But labor unions and their Democratic allies charge that the pact offers strong backing to corporations while offering little additional protection to low-wage workers in Central America. As a result, they contend, it will encourage American companies to shift more jobs to those countries.

Whatever the economic merits, the vote on Wednesday night made it clear that the political appeal of the trade agreement was low. Only 15 Democrats supported the measure.

And despite intense pressure from President Bush and House Republican leaders, 27 Republicans voted against the deal; many others badly wanted to do so.

The biggest opposition among Republicans came from textile producing states in the south, sugar-producing states like Louisiana and Idaho and old-line manufacturing states like Ohio and Pennsylvania.

House Republican leaders kept the voting open for almost a full hour, in violation of the normal 15-minute time limit. They spent much of that time wrestling with about 10 rebellious but "undecided" Republicans, pleading and pressuring one after another to vote for the agreement.

One of the strangest votes was by Representative Charles H. Taylor, Republican of North Carolina, who had vowed to vote against the pact because of his concerns for textile workers.

But as the minutes ticked by, Mr. Taylor was one of only two members recorded as not voting. By not voting, he gave Republicans a two-vote victory rather than a one-vote margin.

But on Thursday, Mr. Taylor insisted that there had been an error in the electronic voting system and that he had indeed voted against the measure.

"I voted NO," Mr. Taylor announced in a terse statement on Thursday, saying the House clerk's written log showed his vote and that he would seek to have the vote registered as a "no."

Democrats, who have already lined up a potent challenger to Mr. Taylor for the next election, accused him of trying to have it both ways.

"He seemed to find time to vote for procedural motions and legislation that had nothing to do with North Carolina," said Bill Burton, a spokesman for the Democratic Congressional Campaign Committee, "but he couldn't seem to figure out how to squeeze in the time to vote against a trade deal that could cost North Carolina thousands of jobs."

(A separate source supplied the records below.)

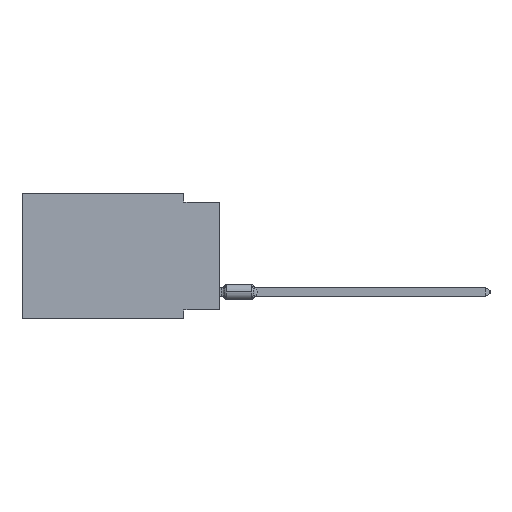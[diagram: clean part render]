
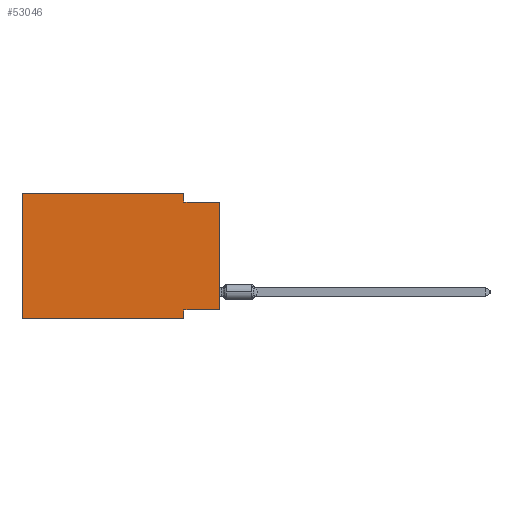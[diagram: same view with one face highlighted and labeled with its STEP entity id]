
A CAD part, left-side view. The second image highlights one B-rep face of the part: STEP entity #53046.
In plain terms, the highlighted planar face has unit normal (-1, 0, 0).
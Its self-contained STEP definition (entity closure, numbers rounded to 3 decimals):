
#1811 = DIRECTION ( 'NONE',  ( 0., 0., -1. ) ) ;
#2285 = LINE ( 'NONE', #54070, #10260 ) ;
#4318 = CARTESIAN_POINT ( 'NONE',  ( 0., 0., -8.255 ) ) ;
#4618 = EDGE_CURVE ( 'NONE', #51885, #26559, #13931, .T. ) ;
#8764 = VERTEX_POINT ( 'NONE', #12311 ) ;
#10260 = VECTOR ( 'NONE', #1811, 1000. ) ;
#12311 = CARTESIAN_POINT ( 'NONE',  ( 0., 2.54, -8.255 ) ) ;
#13082 = VECTOR ( 'NONE', #30160, 1000. ) ;
#13931 = LINE ( 'NONE', #72086, #64785 ) ;
#14607 = CARTESIAN_POINT ( 'NONE',  ( 0., 2.54, -8.89 ) ) ;
#17019 = ORIENTED_EDGE ( 'NONE', *, *, #23765, .F. ) ;
#19776 = EDGE_CURVE ( 'NONE', #68322, #44061, #21956, .T. ) ;
#20142 = LINE ( 'NONE', #78765, #43824 ) ;
#21956 = LINE ( 'NONE', #88873, #89270 ) ;
#22258 = DIRECTION ( 'NONE',  ( 0., -1., 0. ) ) ;
#23765 = EDGE_CURVE ( 'NONE', #8764, #44061, #2285, .T. ) ;
#26559 = VERTEX_POINT ( 'NONE', #64750 ) ;
#29825 = CARTESIAN_POINT ( 'NONE',  ( 0., 13.97, -8.89 ) ) ;
#29837 = EDGE_CURVE ( 'NONE', #80611, #26559, #20142, .T. ) ;
#30160 = DIRECTION ( 'NONE',  ( 0., 0., -1. ) ) ;
#31989 = CARTESIAN_POINT ( 'NONE',  ( 0., 13.97, 0. ) ) ;
#34462 = EDGE_CURVE ( 'NONE', #68322, #89397, #41263, .T. ) ;
#34903 = CARTESIAN_POINT ( 'NONE',  ( 0., 13.97, 0. ) ) ;
#37396 = LINE ( 'NONE', #53035, #86763 ) ;
#38217 = LINE ( 'NONE', #90469, #56448 ) ;
#40615 = VECTOR ( 'NONE', #85232, 1000. ) ;
#41263 = LINE ( 'NONE', #34903, #40615 ) ;
#41445 = ORIENTED_EDGE ( 'NONE', *, *, #4618, .F. ) ;
#43824 = VECTOR ( 'NONE', #55840, 1000. ) ;
#44061 = VERTEX_POINT ( 'NONE', #14607 ) ;
#47159 = PLANE ( 'NONE',  #85193 ) ;
#50583 = DIRECTION ( 'NONE',  ( 0., -1., 0. ) ) ;
#51885 = VERTEX_POINT ( 'NONE', #78840 ) ;
#53035 = CARTESIAN_POINT ( 'NONE',  ( 0., 13.97, 0. ) ) ;
#53046 = ADVANCED_FACE ( 'NONE', ( #92046 ), #47159, .F. ) ;
#53377 = DIRECTION ( 'NONE',  ( 0., 1., 0. ) ) ;
#54070 = CARTESIAN_POINT ( 'NONE',  ( 0., 2.54, -8.89 ) ) ;
#55840 = DIRECTION ( 'NONE',  ( 0., 0., 1. ) ) ;
#56026 = ORIENTED_EDGE ( 'NONE', *, *, #72758, .F. ) ;
#56448 = VECTOR ( 'NONE', #53377, 1000. ) ;
#57560 = ORIENTED_EDGE ( 'NONE', *, *, #19776, .T. ) ;
#61801 = DIRECTION ( 'NONE',  ( 0., 0., -1. ) ) ;
#63974 = EDGE_CURVE ( 'NONE', #89397, #70710, #37396, .T. ) ;
#64750 = CARTESIAN_POINT ( 'NONE',  ( 0., 0., -0.635 ) ) ;
#64785 = VECTOR ( 'NONE', #50583, 1000. ) ;
#68322 = VERTEX_POINT ( 'NONE', #29825 ) ;
#70710 = VERTEX_POINT ( 'NONE', #81928 ) ;
#71603 = EDGE_CURVE ( 'NONE', #80611, #8764, #38217, .T. ) ;
#72086 = CARTESIAN_POINT ( 'NONE',  ( 0., 0., -0.635 ) ) ;
#72758 = EDGE_CURVE ( 'NONE', #70710, #51885, #81930, .T. ) ;
#74615 = CARTESIAN_POINT ( 'NONE',  ( 0., 2.54, 0. ) ) ;
#78672 = ORIENTED_EDGE ( 'NONE', *, *, #34462, .F. ) ;
#78765 = CARTESIAN_POINT ( 'NONE',  ( 0., 0., 0. ) ) ;
#78840 = CARTESIAN_POINT ( 'NONE',  ( 0., 2.54, -0.635 ) ) ;
#79744 = ORIENTED_EDGE ( 'NONE', *, *, #29837, .T. ) ;
#80336 = ORIENTED_EDGE ( 'NONE', *, *, #71603, .F. ) ;
#80611 = VERTEX_POINT ( 'NONE', #4318 ) ;
#81928 = CARTESIAN_POINT ( 'NONE',  ( 0., 2.54, 0. ) ) ;
#81930 = LINE ( 'NONE', #74615, #13082 ) ;
#83293 = CARTESIAN_POINT ( 'NONE',  ( 0., 13.97, 0. ) ) ;
#85193 = AXIS2_PLACEMENT_3D ( 'NONE', #31989, #91582, #61801 ) ;
#85232 = DIRECTION ( 'NONE',  ( 0., 0., 1. ) ) ;
#86763 = VECTOR ( 'NONE', #22258, 1000. ) ;
#87191 = ORIENTED_EDGE ( 'NONE', *, *, #63974, .F. ) ;
#88873 = CARTESIAN_POINT ( 'NONE',  ( 0., 13.97, -8.89 ) ) ;
#89270 = VECTOR ( 'NONE', #96186, 1000. ) ;
#89397 = VERTEX_POINT ( 'NONE', #83293 ) ;
#89535 = EDGE_LOOP ( 'NONE', ( #79744, #41445, #56026, #87191, #78672, #57560, #17019, #80336 ) ) ;
#90469 = CARTESIAN_POINT ( 'NONE',  ( 0., 0., -8.255 ) ) ;
#91582 = DIRECTION ( 'NONE',  ( 1., 0., 0. ) ) ;
#92046 = FACE_OUTER_BOUND ( 'NONE', #89535, .T. ) ;
#96186 = DIRECTION ( 'NONE',  ( 0., -1., 0. ) ) ;

But business groups, including even some parts of the textile industry, lobbied fiercely in favor of the trade pact. The National Association of Manufacturers, the Chamber of Commerce and the American Farm Bureau Federation all supported the agreement and pushed hard.

One Republican who agonized over the vote was Representative Mark Foley of Florida, whose district includes some of the biggest sugar producers in the country.

Mr. Foley, a member of the House leadership team responsible for lining up votes, supported the bill even though he staunchly opposed the pact because it would allow higher sugar imports.

"It was difficult, a gut-wrenching night," Mr. Foley said on Thursday. President Bush called him about 8:20 p.m. Wednesday to plead for his vote, he said, and Republican leaders had already made it clear that they would punish the sugar industry in the next farm bill if they managed to defeat the trade pact.

"If the administration thinks that sugar brought about the demise of this, there would have been hell to pay in the farm bill," Mr. Foley said. "This was somewhat of a vote for the survival of my constituents."

Representative Nancy Pelosi of California, the House Democratic leader, accused Republican leaders of trading anything they had to get the votes they needed.

"Once again, the floor of the House of Representatives resembled the set of 'Let's Make a Deal,' " Ms. Pelosi said Thursday.

"What was the cost to the U.S. taxpayer for the president, with all of his power and all of his influence at his disposal, what was the cost to U.S. taxpayers of his very slim margin?"

The full answer will not be known for some time. Opponents of the trade pact said Republicans lured many lawmakers by earmarking billions of dollars for pet projects in a $286 billion highway spending bill.

The House and Senate conferees said they had reached agreement on the overall transportation bill, but as of Thursday night they had not made any details public.